General
The workshop is planned as a meeting place for practitioners and researchers. Presentations should be of interest for both parties and should initiate relevant discussions inside and outside the workshop room. Please, refrain from submitting papers that are written in the style of marketing and sales literature. Also, please, refrain from being too academic, e.g., avoid putting references in each sentence, which makes the content difficult to follow. If unsure whether the style or content fits the workshop, please contact organizers in advance of the submission deadline.
You can also check our review form to get insights on how your papers will be evaluated.
Position papers
Position papers are aimed to initiating discussion. They should be short. Do not use much space for making long literature reviews, go straight to explaining your position – problem, question, solution, challenge etc.
Experience reports – as they are a bit unusual for academic events below find some explanations and guidelines
- Experience report is a paper written by a person (persons) who participated in the work completed (being completed) in a context of a real-life organization. The work should have some practical goal, e.g. identification or analysis of existing problems, finding solutions, or implementing them in practice, or evaluating the results of implemented solutions. Work done with the pure research purpose does not fall in the category “Experience report”. Additionally, in difference from a “case study”, active participation of the author(s) in the project is part of the requirement.
- Experience report should describe the business/social context of the work, methods or theories used in order to achieve the practical goal, outcomes, lessons learned (positive as well as negative) and present some conclusions derived from the experienced.
- When some specific methods/theories were used, the report should explain why they where chosen. Any kind of explanation will do. For example, “the method was widely accepted inside the company and most of the workers were quite comfortable with it” is as good an explanation as any other. The same should be true for “as we have no reason to believe that any one on the list would better suite our goal than any other, we arbitrarily chosen this one”
- The report should not be written as a “diary”. The results should be presented in some generalized form, omitting small details that can be considered as very specific for the current business context. The results should be explained on the level of abstraction that is suitable for similar to the given one contexts, e.g., a social office of a local government, a sales department of a service-oriented company, a recruiting department of a trade-union.

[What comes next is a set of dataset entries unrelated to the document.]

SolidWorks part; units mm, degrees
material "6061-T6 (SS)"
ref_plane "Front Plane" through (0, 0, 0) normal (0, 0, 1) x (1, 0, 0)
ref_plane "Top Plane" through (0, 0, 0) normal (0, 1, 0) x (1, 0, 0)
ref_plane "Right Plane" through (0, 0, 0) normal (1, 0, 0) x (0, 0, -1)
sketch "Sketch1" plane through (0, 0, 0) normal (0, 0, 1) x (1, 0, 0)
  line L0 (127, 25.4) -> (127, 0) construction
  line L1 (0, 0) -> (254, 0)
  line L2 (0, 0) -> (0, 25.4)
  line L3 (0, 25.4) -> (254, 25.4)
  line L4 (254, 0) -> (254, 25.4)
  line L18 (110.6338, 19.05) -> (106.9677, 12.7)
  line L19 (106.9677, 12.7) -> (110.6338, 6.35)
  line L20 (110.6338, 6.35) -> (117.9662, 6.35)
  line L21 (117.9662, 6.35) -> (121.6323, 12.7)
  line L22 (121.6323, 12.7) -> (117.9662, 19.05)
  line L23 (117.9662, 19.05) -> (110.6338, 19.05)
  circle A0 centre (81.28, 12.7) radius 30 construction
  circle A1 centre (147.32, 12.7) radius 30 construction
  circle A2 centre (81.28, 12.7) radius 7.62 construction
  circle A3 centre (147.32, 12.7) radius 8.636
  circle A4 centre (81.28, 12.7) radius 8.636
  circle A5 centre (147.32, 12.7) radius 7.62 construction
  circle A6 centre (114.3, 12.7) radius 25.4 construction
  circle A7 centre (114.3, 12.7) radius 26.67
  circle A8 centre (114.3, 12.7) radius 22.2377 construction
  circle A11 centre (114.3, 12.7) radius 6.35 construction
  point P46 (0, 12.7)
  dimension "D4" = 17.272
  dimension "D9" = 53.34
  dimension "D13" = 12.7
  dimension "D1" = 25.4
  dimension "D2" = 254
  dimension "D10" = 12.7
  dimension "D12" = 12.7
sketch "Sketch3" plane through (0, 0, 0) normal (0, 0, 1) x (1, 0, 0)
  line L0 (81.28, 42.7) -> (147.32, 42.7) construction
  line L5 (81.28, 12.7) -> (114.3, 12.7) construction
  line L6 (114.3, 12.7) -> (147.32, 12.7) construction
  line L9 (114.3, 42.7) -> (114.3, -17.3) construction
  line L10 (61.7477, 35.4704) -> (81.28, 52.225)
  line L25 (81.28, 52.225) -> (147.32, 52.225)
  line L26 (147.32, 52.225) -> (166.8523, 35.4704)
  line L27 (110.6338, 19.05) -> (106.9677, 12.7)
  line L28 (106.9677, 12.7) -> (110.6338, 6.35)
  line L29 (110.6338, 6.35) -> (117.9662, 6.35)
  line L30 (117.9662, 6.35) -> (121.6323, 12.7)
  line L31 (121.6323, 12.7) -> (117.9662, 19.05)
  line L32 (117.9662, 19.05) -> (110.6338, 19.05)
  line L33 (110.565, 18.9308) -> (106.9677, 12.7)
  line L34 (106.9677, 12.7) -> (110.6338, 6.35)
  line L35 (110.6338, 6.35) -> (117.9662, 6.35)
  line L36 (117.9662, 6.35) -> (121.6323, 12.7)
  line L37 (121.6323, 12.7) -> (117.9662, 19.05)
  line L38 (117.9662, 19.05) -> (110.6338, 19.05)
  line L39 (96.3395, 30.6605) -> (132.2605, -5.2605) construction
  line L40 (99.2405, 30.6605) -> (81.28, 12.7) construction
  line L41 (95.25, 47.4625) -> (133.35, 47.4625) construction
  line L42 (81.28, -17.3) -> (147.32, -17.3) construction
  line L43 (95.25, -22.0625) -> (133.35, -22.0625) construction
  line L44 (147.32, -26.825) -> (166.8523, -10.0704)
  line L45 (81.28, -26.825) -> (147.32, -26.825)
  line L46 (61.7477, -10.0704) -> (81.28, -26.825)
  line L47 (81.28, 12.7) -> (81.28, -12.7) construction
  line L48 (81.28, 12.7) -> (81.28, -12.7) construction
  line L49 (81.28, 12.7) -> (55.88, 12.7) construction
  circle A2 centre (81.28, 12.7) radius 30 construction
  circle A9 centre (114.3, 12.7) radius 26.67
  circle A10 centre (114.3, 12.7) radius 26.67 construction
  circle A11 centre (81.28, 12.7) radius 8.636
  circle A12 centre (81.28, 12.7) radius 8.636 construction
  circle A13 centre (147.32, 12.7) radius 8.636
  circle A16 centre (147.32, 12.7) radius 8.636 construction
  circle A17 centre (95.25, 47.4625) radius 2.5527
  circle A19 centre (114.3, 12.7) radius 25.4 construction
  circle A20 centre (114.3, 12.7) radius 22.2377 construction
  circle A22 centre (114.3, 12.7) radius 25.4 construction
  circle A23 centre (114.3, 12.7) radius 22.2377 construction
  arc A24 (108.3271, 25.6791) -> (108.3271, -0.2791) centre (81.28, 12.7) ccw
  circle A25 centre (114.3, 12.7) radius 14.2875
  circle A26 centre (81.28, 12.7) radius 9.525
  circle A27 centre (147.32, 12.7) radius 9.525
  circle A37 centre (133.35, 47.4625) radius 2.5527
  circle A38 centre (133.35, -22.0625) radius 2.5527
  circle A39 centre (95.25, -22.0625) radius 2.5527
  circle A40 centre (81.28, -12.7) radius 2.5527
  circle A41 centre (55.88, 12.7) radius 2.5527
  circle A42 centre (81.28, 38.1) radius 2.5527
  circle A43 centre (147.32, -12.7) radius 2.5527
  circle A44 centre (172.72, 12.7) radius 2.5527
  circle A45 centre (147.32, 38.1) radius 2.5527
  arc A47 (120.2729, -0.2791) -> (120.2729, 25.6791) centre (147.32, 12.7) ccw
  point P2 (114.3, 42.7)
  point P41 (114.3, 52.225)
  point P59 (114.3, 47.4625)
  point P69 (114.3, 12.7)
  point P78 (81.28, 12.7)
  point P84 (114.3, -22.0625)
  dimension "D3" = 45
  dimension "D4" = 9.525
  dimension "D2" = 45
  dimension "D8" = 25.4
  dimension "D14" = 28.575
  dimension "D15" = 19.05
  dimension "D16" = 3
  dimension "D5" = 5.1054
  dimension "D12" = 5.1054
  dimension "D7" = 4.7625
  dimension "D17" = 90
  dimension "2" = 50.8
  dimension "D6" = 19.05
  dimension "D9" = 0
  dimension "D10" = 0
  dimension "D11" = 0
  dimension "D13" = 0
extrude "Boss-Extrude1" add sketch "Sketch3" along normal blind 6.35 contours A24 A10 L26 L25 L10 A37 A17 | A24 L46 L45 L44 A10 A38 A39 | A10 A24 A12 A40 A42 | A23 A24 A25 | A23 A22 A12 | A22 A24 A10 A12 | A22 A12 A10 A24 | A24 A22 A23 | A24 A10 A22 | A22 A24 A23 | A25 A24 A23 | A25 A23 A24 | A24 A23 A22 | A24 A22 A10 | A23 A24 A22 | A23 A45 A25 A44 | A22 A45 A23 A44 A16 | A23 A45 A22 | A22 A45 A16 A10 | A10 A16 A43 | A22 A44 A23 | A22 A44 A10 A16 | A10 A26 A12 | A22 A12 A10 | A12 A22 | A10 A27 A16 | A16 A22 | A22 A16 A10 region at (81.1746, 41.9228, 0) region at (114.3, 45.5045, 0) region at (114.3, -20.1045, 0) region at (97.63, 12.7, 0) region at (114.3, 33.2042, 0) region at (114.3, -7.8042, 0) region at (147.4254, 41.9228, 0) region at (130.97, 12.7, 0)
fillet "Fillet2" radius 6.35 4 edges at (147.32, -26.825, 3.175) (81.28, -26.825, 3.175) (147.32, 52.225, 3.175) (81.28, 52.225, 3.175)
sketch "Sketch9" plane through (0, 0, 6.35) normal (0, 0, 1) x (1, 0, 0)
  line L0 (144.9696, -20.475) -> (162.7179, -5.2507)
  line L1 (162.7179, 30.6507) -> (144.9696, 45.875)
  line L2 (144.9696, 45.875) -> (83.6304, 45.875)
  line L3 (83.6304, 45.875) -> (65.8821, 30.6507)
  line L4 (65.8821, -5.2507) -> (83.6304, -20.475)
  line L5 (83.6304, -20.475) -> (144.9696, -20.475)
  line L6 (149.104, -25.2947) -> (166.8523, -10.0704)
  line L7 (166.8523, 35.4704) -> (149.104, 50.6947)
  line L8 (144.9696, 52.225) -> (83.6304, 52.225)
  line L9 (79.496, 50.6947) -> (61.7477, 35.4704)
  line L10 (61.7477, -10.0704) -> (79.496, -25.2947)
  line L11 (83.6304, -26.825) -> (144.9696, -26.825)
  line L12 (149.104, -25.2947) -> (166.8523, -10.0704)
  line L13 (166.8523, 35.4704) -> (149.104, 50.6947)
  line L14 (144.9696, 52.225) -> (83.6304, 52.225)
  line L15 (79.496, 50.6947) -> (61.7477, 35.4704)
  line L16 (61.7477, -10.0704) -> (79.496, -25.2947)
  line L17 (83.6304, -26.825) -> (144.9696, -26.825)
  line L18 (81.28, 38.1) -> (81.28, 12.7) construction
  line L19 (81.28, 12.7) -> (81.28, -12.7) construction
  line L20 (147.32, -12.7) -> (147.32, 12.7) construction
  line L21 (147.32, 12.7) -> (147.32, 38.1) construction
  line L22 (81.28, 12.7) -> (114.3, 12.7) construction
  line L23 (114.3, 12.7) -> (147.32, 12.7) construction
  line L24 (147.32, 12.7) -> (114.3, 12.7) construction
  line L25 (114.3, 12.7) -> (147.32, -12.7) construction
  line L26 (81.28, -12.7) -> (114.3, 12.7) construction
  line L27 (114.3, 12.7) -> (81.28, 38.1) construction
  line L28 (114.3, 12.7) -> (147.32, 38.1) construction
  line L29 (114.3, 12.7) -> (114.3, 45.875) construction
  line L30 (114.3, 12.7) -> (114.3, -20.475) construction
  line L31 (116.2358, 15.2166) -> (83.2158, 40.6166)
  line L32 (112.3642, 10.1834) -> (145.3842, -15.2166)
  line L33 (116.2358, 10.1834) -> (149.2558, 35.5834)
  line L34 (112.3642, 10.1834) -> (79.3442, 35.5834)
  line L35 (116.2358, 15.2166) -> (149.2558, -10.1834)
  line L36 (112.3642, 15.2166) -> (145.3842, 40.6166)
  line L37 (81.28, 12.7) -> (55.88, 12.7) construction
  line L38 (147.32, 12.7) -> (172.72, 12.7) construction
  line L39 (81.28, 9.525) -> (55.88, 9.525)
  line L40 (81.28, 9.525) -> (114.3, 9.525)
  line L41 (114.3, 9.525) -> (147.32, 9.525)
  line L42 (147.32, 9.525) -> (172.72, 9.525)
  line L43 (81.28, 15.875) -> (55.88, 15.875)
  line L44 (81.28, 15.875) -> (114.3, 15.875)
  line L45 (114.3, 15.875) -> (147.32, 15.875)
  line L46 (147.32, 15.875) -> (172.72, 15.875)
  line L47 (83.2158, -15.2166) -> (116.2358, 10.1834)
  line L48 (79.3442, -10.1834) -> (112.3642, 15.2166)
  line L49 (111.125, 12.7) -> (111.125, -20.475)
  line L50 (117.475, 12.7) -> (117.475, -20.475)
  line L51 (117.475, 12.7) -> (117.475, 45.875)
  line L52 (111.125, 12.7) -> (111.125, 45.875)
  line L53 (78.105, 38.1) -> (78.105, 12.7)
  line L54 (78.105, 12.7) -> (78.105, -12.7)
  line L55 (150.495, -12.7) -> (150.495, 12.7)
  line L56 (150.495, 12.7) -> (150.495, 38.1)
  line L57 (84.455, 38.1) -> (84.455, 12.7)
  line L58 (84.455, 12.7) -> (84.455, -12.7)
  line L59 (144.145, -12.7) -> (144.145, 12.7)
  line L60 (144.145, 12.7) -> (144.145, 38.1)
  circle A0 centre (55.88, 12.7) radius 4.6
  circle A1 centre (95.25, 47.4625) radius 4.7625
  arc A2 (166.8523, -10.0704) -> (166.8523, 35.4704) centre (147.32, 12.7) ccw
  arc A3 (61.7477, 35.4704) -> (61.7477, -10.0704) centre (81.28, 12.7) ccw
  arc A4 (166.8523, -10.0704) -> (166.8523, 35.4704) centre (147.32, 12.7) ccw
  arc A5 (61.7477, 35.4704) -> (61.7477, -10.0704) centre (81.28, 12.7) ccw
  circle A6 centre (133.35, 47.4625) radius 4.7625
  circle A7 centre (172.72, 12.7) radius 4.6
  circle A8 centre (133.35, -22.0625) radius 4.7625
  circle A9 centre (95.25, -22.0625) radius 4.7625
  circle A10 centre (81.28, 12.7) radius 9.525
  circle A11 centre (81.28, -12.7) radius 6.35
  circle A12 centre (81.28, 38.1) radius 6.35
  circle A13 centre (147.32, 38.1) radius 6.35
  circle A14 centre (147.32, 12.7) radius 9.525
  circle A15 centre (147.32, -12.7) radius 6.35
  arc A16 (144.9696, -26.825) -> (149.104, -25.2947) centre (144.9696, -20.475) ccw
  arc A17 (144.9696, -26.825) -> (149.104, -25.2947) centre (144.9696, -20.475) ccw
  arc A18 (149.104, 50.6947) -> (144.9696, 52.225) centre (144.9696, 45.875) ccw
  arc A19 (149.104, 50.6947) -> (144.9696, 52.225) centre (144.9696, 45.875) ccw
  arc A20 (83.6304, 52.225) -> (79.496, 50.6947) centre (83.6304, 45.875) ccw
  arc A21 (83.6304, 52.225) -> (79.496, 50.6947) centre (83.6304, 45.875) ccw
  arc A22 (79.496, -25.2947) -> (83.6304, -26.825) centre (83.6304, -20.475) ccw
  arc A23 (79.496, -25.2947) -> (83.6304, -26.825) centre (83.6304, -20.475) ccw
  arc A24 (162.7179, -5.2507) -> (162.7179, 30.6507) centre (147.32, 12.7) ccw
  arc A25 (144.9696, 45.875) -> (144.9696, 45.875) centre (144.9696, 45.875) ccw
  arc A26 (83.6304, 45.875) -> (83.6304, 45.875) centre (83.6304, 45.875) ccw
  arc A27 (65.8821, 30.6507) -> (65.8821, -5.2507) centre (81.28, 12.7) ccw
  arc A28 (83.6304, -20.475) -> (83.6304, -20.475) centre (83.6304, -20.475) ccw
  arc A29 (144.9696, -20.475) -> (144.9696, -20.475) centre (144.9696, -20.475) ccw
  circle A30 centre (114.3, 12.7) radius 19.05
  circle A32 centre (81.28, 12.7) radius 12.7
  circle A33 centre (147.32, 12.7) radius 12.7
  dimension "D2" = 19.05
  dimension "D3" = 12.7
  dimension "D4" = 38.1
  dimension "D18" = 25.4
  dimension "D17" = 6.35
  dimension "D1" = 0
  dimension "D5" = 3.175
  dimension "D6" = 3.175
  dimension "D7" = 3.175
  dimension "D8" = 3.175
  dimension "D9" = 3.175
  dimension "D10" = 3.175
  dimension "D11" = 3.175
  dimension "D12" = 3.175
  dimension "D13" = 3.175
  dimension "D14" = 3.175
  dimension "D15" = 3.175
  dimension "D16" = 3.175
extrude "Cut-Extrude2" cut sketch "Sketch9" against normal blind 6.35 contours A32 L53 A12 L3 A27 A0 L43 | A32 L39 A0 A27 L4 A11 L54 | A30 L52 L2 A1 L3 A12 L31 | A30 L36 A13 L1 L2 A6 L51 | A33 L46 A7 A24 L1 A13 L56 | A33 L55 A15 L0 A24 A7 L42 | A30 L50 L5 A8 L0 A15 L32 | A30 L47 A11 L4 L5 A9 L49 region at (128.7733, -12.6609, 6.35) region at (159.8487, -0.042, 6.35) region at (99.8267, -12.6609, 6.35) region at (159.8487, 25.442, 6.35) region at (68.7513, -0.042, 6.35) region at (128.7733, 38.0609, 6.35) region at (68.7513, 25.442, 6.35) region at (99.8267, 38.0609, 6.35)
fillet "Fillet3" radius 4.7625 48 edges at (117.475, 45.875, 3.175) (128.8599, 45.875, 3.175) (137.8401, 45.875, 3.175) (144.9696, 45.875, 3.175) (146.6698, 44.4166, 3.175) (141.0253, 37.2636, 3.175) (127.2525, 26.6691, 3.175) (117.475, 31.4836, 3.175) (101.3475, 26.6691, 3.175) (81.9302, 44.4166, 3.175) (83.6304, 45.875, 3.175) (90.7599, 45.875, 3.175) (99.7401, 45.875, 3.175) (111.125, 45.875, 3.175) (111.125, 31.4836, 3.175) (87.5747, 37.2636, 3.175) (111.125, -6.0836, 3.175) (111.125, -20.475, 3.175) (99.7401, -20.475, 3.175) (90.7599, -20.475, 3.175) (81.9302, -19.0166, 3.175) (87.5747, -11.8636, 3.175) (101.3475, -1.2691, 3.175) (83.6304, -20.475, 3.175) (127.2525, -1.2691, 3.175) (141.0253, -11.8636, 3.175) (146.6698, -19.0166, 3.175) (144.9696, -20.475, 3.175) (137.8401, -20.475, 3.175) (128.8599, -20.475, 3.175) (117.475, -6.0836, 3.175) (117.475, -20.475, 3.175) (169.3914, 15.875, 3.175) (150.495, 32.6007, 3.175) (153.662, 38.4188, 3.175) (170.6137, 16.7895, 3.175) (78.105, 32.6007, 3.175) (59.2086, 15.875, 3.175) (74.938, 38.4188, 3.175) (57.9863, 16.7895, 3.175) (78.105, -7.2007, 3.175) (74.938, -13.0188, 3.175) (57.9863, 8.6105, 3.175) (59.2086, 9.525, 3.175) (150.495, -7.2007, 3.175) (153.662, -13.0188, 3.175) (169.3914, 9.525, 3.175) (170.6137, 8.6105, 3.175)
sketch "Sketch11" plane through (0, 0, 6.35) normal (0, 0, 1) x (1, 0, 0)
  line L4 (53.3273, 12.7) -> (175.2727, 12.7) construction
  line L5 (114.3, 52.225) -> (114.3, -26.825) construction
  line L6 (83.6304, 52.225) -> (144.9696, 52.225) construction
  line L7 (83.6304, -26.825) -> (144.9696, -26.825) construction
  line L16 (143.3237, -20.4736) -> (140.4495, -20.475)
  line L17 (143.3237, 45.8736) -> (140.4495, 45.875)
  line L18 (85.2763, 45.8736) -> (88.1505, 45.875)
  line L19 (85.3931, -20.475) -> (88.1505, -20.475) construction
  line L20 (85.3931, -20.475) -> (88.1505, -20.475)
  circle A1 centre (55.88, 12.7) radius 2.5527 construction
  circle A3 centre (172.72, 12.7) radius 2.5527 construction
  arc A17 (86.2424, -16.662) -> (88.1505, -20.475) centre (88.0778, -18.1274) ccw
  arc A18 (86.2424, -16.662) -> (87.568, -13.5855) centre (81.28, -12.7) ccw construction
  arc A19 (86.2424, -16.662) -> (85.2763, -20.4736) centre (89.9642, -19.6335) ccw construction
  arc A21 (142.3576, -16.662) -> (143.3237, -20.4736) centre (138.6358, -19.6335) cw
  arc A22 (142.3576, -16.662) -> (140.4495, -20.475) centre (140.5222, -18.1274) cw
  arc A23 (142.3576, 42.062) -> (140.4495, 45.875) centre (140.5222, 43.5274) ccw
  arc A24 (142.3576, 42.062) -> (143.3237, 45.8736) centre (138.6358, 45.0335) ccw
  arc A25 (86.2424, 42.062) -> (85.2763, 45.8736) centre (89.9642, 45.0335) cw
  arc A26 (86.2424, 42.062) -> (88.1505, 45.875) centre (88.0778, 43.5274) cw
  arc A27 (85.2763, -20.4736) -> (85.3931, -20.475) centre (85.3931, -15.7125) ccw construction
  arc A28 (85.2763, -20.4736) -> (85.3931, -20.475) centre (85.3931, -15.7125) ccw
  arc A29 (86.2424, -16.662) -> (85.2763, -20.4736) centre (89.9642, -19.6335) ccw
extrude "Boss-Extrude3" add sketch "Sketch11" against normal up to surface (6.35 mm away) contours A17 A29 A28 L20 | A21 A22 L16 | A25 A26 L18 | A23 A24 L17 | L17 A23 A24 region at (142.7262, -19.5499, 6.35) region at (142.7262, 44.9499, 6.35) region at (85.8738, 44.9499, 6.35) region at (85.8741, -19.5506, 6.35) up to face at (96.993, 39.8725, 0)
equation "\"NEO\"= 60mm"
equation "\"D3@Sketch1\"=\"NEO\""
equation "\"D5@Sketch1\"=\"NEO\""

- Conclusions should logically follow from the outcomes of the project and lessons learned. They too should be presented in some generalized form so that they can be compared with the result from other experience reports or tested by researchers doing “case studies”.
- Reference requirement should be “relaxed”. The experience report is to be “readable” for practitioners, not only for researchers. References in each statement should be avoided. The part of the paper that describes methods/theories chosen should have relevant references. However, references to not chosen methods/theories should not be mandatory. If the researcher chooses, there can be a separate “related works” section at the end of the paper (so that a practitioner can just skip it).
- Novelty/Originality should be judged in several “dimensions”:
– Practical goal of the project (e.g., standard, new, unusual)
– Novelty of the theory/method (e.g., standard, new, has not been applied before)
– Business/social context (e.g., investigated many times before, less known)
– Outcomes/Lesson learned/Conclusions (e.g., well known, new, contradictory to the well known)
Novelty in any of the dimensions should be sufficient for justification of publication. For example application of a well-known theory to an unusual (for this theory) context can be of interest to the others. As well as application of a “standard” method to a “standard” context with the results that contradict “well-known” opinion could be of interest as well.